Sorta. To oversimplify, the enzymes break long starch chains into smaller sugar chains. As soon as the starch is split, it is converted. Initially, enzymatic action results in dextrins - complex sugars that are unfermentable (in finished beer, dextrins are responsible for body/mouthfeel). Additional enzymatic activity must further deconstruct the molecule chains before the sugars are simple enough to be metabolized by yeast. Therefore, conversion can be complete in a very short period of time (15-20 mins), however, the desired results may not be achieved until after an additional period of time. Too long of a mash may result in less body and/or more dryness in the final product.

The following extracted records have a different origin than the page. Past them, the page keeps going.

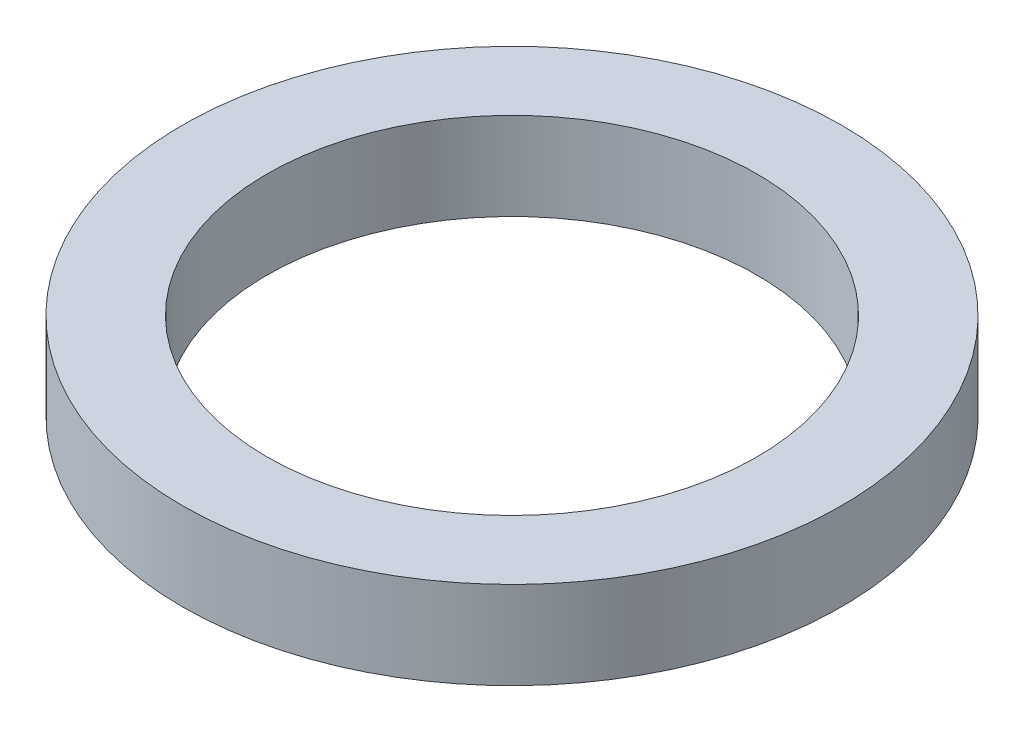
SolidWorks part; units mm, degrees
ref_plane "Front Plane" through (0, 0, 0) normal (0, 0, 1) x (1, 0, 0)
ref_plane "Top Plane" through (0, 0, 0) normal (0, 1, 0) x (1, 0, 0)
ref_plane "Right Plane" through (0, 0, 0) normal (1, 0, 0) x (0, 0, -1)
sketch "Sketch1" plane through (0, 0, 0) normal (0, 1, 0) x (1, 0, 0)
  circle A0 centre (0, 0) radius 26
  circle A1 centre (0, 0) radius 34.965
  dimension "D1" = 52
  dimension "D2" = 69.93
extrude "Boss-Extrude1" add sketch "Sketch1" along normal mid plane 9.3
equation "\"module\"= 1"
equation "\"pressure_angle\"= 20deg"
equation "\"h_a\"= 1 * \"module\"'addendum"
equation "\"h_f\"= 1.25 * \"module\"'dedendum"
equation "\"clr_tip_root\"= \"h_f\" - \"h_a\"'clearance of gear tooth tip and root"
equation "\"bearing_ID\"= \"module\" * ( \"Ns\" + \"Np_b\") + 6"
equation "\"bearing_OD\"= 1.18 * \"bearing_ID\" + 8.57"
equation "\"bearing_height\"= 0.09 * \"bearing_ID\" + 4.62"
equation "\"clearance_planet\"=1.5"
equation "\"case_dist\"= \"sec_carrier_thickness\" + \"clearance_planet\" + \"sun_coupler_hub_thickness\" - \"case_mounting_surface_height\""
equation "\"Motor_case_OD_max\"= \"case_mounting_PCD\" + \"case_mounting_hole_allen_socket_dia\" + \"clearance_case_mount_holes_shell_thickness\" * 2"
equation "\"case_mounting_PCD\"= \"motor_case_OD_base\" + \"case_mounting_hole_shift\" * 2"
equation "\"bearing mount thickness\"= IIF((\"bearing_OD\" + \"output_mounting_hole_dia\" * 4) > (\"Nr_s\" * \"module\" + 2 * \"h_b\"), \"output_mounting_hole_dia\" * 2, ((\"Nr_s\" * \"module\" + 2 * \"h_b\" - (\"bearing_OD\" + \"output_mounting_hole_dia\" * 4)) / 2) + \"output_mounting_hole_dia\" * 2 + \"standard_clearance_1_5mm\")"
equation "\"case_mounting_hole_dia\"=3"
equation "\"output_mounting_PCD\"= \"bearing_OD\" + \"bearing mount thickness\""
equation "\"output_mounting_hole_dia\"= 4"
equation "\"clearance_case_mount_holes_shell_thickness\"= 1"
equation "\"motor_case_OD_base\"= \"motor_OD\" + \"clearance_motor_and_case\" * 2 + \"Motor_case_thickness\" * 2"
equation "\"sec_carrier_thickness\"= 5"
equation "\"sun_coupler_hub_thickness\"= 4"
equation "\"clearance_sun_coupler_sec_carrier\"= 1.5"
equation "\"clearance_motor_and_case\"= IIF( ((\"Ns\" + \"Np_b\" * 2) * \"module\") < \"motor_OD\", 5, (((\"Ns\" + \"Np_b\" * 2) * \"module\" - \"motor_OD\") * 0.5 + 5) )"
equation "\"motor_OD\"= 72"
equation "\"Motor_case_thickness\"= 2.5"
equation "\"Motor_case_ID\"= \"motor_OD\" + \"clearance_motor_and_case\" * 2"
equation "\"case_mounting_hole_shift\"= \"case_mounting_hole_dia\" / 2 - 0.5"
equation "\"output_mounting_nut_wrench_size\"= 7"
equation "\"output_mounting_nut_thickness\"= 3.2"
equation "\"case_mounting_hole_allen_socket_dia\"= 5.5"
equation "\"output_mounting_nut_depth\"= 3"
equation "\"case_mounting_bolt_depth\"= 4.5"
equation "\"Ns\"= 20"
equation "\"ring_radial_thickness\"= 5"
equation "\"ring_to_chamfer_clearance\"= \"clearance_planet\""
equation "\"Motor_case_OD_base_to_chamfer\"=5"
equation "\"pattern_offset_from_motor_case_OD_base\"= 3"
equation "\"pattern_bulge_dia\"= 3"
equation "\"pattern_num_bulge\"= 18"
equation "\"pattern_depth\"= 2"
equation "\"motor_height\"= 27"
equation "\"case_mounting_wrench_size\"= 5.5"
equation "\"case_mounting_nut_clearance\"= 2"
equation "\"base_plate_thickness\"= 4"
equation "\"case_mounting_nut_thickness\"= 2.4"
equation "\"case_mounting_surface_height\"= 4"
equation "\"motor_mount_hole_PCD\"= 32"
equation "\"motor_mount_hole_dia\"= 4"
equation "\"motor_mount_hole_num\"= 4"
equation "\"central_hole_offset_from_motor_mount_PCD\"= 5"
equation "\"wire_slot_dist_from_center\"= 33"
equation "\"wire_slot_length\"= 10"
equation "\"wire_slot_radius\"= 4"
equation "\"driver_upper_holes_dist_from_center\"= 23"
equation "\"driver_lower_holes_dist_from_center\"= 15"
equation "\"driver_side_holes_dist_from_center\"= 20"
equation "\"driver_mount_holes_dia\"= 2.5"
equation "\"driver_mount_inserts_OD\"= 3.5"
equation "\"driver_mount_thickness\"= 1.5"
equation "\"driver_mount_height\"= 4"
equation "\"air_flow_hole_offset\"= 3"
equation "\"num_planet\"= 4"
equation "\"planet_pin_bolt_dia\"= 5"
equation "\"planet_pin_socket_head_dia\"= 8.5"
equation "\"carrier_PCD\"= ( \"Np_b\" + \"Ns\" ) * \"module\""
equation "\"planet_shaft_dia\"= 8"
equation "\"planet_shaft_step_offset\"= 1"
equation "\"carrier_trapezoidal_support_sun_offset\"= 5"
equation "\"carrier_trapezoidal_support_hole_PCD_offset_bearing_ID\"= 4"
equation "\"carrier_trapezoidal_support_hole_dia\"= 3"
equation "\"carrier_trapezoidal_support_hole_socket_head_dia\"= 5.5"
equation "\"carrier_bearing_step_width\"= 1.5"
equation "\"standard_clearance_1_5mm\"=1.5"
equation "\"standard_fillet_1_5mm\"= 1.5"
equation "\"sun_shaft_bearing_OD\"= 12"
equation "\"sun_shaft_bearing_width\"= 3.5"
equation "\"standard_bearing_insertion_chamfer\"= 0.5"
equation "\"D1@Sketch1\"=\"bearing_ID\""
equation "\"D2@Sketch1\"=\"bearing_OD\""
equation "\"D1@Boss-Extrude1\"=\"bearing_height\""
equation "\"carrier_trapezoidal_support_hole_wrench_size\"= 5.5"
equation "\"planet_pin_bolt_wrench_size\"= 8"
equation "\"Np_b\"= 26"
equation "\"pressure angle\"= 20deg"
equation "\"h_b\"= 1.25 * \"module\"'dedendum"
equation "\"dp_s\"= \"module\" * \"Ns\"'PCD"
equation "\"db_s\"= \"dp_s\" * cos ( \"pressure angle\" )'base CD"
equation "\"fw_s_calc\"= 10mm'face width"
equation "\"alpha_s\"= sqr ( \"dp_s\" ^ 2 - \"db_s\" ^ 2 ) / \"db_s\" * 180 / pi - \"pressure angle\""
equation "\"beta_s\"= ( 360 / ( 4 * \"Ns\" ) - \"alpha_s\" ) * 2"
equation "\"dp_p_b\"= \"module\" * \"Np_b\"'PCD"
equation "\"db_p_b\"= \"dp_p_b\" * cos ( \"pressure angle\" )'base CD"
equation "\"fw_p_s\"= \"fw_r_s\" + \"clearance_planet\""
equation "\"alpha_p_b\"= sqr ( \"dp_p_b\" ^ 2 - \"db_p_b\" ^ 2 ) / \"db_p_b\" * 180 / pi - \"pressure angle\""
equation "\"beta_p_b\"= ( 360 / ( 4 * \"Np_b\" ) - \"alpha_p_b\" ) * 2"
equation "\"planet_bearing_OD\"= 12"
equation "\"planet_bearing_width\"= 3.5"
equation "\"planet_bore\"= 10"
equation "\"motor_output_hole_PCD\"= 22"
equation "\"motor_output_hole_dia\"= 3"
equation "\"motor_output_hole_num\"= 4"
equation "\"sun_shaft_bearing_ID\"= 8"
equation "\"sun_hub_dia\"= \"motor_output_hole_PCD\" + \"motor_output_hole_dia\" + \"standard_clearance_1_5mm\" * 2"
equation "\"sun_central_bolt_dia\"= 5"
equation "\"sun_central_bolt_socket_head_dia\"= 8.5"
equation "\"fw_s_used\"= \"fw_p_s\" + \"fw_p_b\" + \"clearance_planet\" + \"sec_carrier_thickness\" + \"standard_clearance_1_5mm\" - \"carrier_small_ring_inner_bearing_flap\" +  \"standard_clearance_1_5mm\" "
equation "\"motor_output_hole_CSK_OD\"= 9'8.96 is exact value"
equation "\"motor_output_hole_CSK_head_height\"= 2.5"
equation "\"bearing_retainer_thickness\"= 2"
equation "\"Np_s\"= 22"
equation "\"fw_p_b\"= 8"
equation "\"dp_p_s\"= \"module\" * \"Np_s\"'PCD"
equation "\"db_p_s\"= \"dp_p_s\" * cos ( \"pressure angle\" )'base CD"
equation "\"alpha_p_s\"= sqr ( \"dp_p_s\" ^ 2 - \"db_p_s\" ^ 2 ) / \"db_p_s\" * 180 / pi - \"pressure angle\""
equation "\"beta_p_s\"= ( 360 / ( 4 * \"Np_s\" ) - \"alpha_p_s\" ) * 2"
equation "\"Nr_b\"= \"Ns\" + \"Np_b\" * 2"
equation "\"dp_r_b\"= \"module\" * \"Nr_b\"'PCD"
equation "\"db_r_b\"= \"dp_r_b\" * cos ( \"pressure_angle\" )'base CD"
equation "\"fw_r_b\"= \"fw_p_b\"'face width"
equation "\"alpha_r_b\"= sqr ( \"dp_r_b\" ^ 2 - \"db_r_b\" ^ 2 ) / \"db_r_b\" * 180 / pi - \"pressure_angle\""
equation "\"beta_r_b\"= ( 360 / ( 4 * \"Nr_b\" ) + \"alpha_r_b\" ) * 2"
equation "\"ring_OD_b\"= \"Nr_b\" * \"module\" + \"ring_radial_thickness\" * 2"
equation "\"Fillet10\"= IIF ( \"ring_OD_b\" > ( \"bearing_OD\" + 2 * \"bearing mount thickness\" ) , \"suppressed\" , \"unsuppressed\" )"
equation "\"Fillet11\"= IIF ( \"ring_OD_b\" < ( \"bearing_OD\" + 2 * \"bearing mount thickness\" ) , \"suppressed\" , \"unsuppressed\" )"
equation "\"Nr_s\"= \"Ns\" + \"Np_b\" + \"Np_s\"'num teeth"
equation "\"clr_tip_root_s\"= \"h_f\" - \"h_a\"'clearance of gear tooth tip and root"
equation "\"dp_r_s\"= \"module\" * \"Nr_s\"'PCD"
equation "\"db_r_s\"= \"dp_r_s\" * cos ( \"pressure_angle\" )'base CD"
equation "\"fw_r_s\"= 8mm'face width"
equation "\"alpha_r_s\"= sqr ( \"dp_r_s\" ^ 2 - \"db_r_s\" ^ 2 ) / \"db_r_s\" * 180 / pi - \"pressure_angle\""
equation "\"beta_r_s\"= ( 360 / ( 4 * \"Nr_s\" ) + \"alpha_r_s\" ) * 2"
equation "\"small_ring_case_thickness\"= 4mm"
equation "\"carrier_thickness\"= 4mm"
equation "\"small_ring_output_wall_thickness\"= 5mm"
equation "\"small_ring_output_wall_to_bearing_shaft_attachement_hole_dia\"= 4mm"
equation "\"small_ring_output_wall_to_bearing_shaft_attachement_hole_depth\"= 6.5mm"
equation "\"small_ring_output_wall_to_bearing_shaft_attachement_nut_wrench\"= 7mm"
equation "\"small_ring_output_wall_to_bearing_shaft_attachement_nut_thickness\"= 3.2mm"
equation "\"small_ring_output_wall_to_bearing_shaft_attachement_hole_pcd\"= 12mm"
equation "\"small_ring_output_wall_to_bearing_shaft_attachement_hole_num\"= 3"
equation "\"small_ring_output_wall_to_bearing_shaft_attachement_hole_CSK_OD\"= 9mm"
equation "\"small_ring_output_wall_to_bearing_shaft_attachement_hole_CSK_head_height\"= 2.5mm"
equation "\"carrier_small_ring_inner_bearing_ID\"= 20mm"
equation "\"carrier_small_ring_inner_bearing_OD\"= 32mm"
equation "\"carrier_small_ring_inner_bearing_height\"= 7mm"
equation "\"carrier_small_ring_inner_bearing_flap\"= 2mm"
equation "\"gear_casing_big_ring_to_bearing_dist\"=\"fw_p_s\" + \"clearance_planet\" + \"carrier_thickness\" + \"standard_clearance_1_5mm\"*2/3 + \"small_ring_case_thickness\" "
equation "\"gear_casing_thickness\"= 4"

Does that mean a two hour mash is too long? It depends. For a crisp, dry Czech pils where some of the grain bill is slightly under-modified malt, a two hour mash may be just fine (or even required. For a Belgian wit, a long mash may destroy some of the desirable velvety mouthfeel.
Of course, all of this is also quite temperature dependent. To retain some body after a long, unattended mash, start the mash hot (in the upper 150s or even low 160s). To achieve a very dry beer, start the mash at a cooler temperature (in the low 150s or even high 140s).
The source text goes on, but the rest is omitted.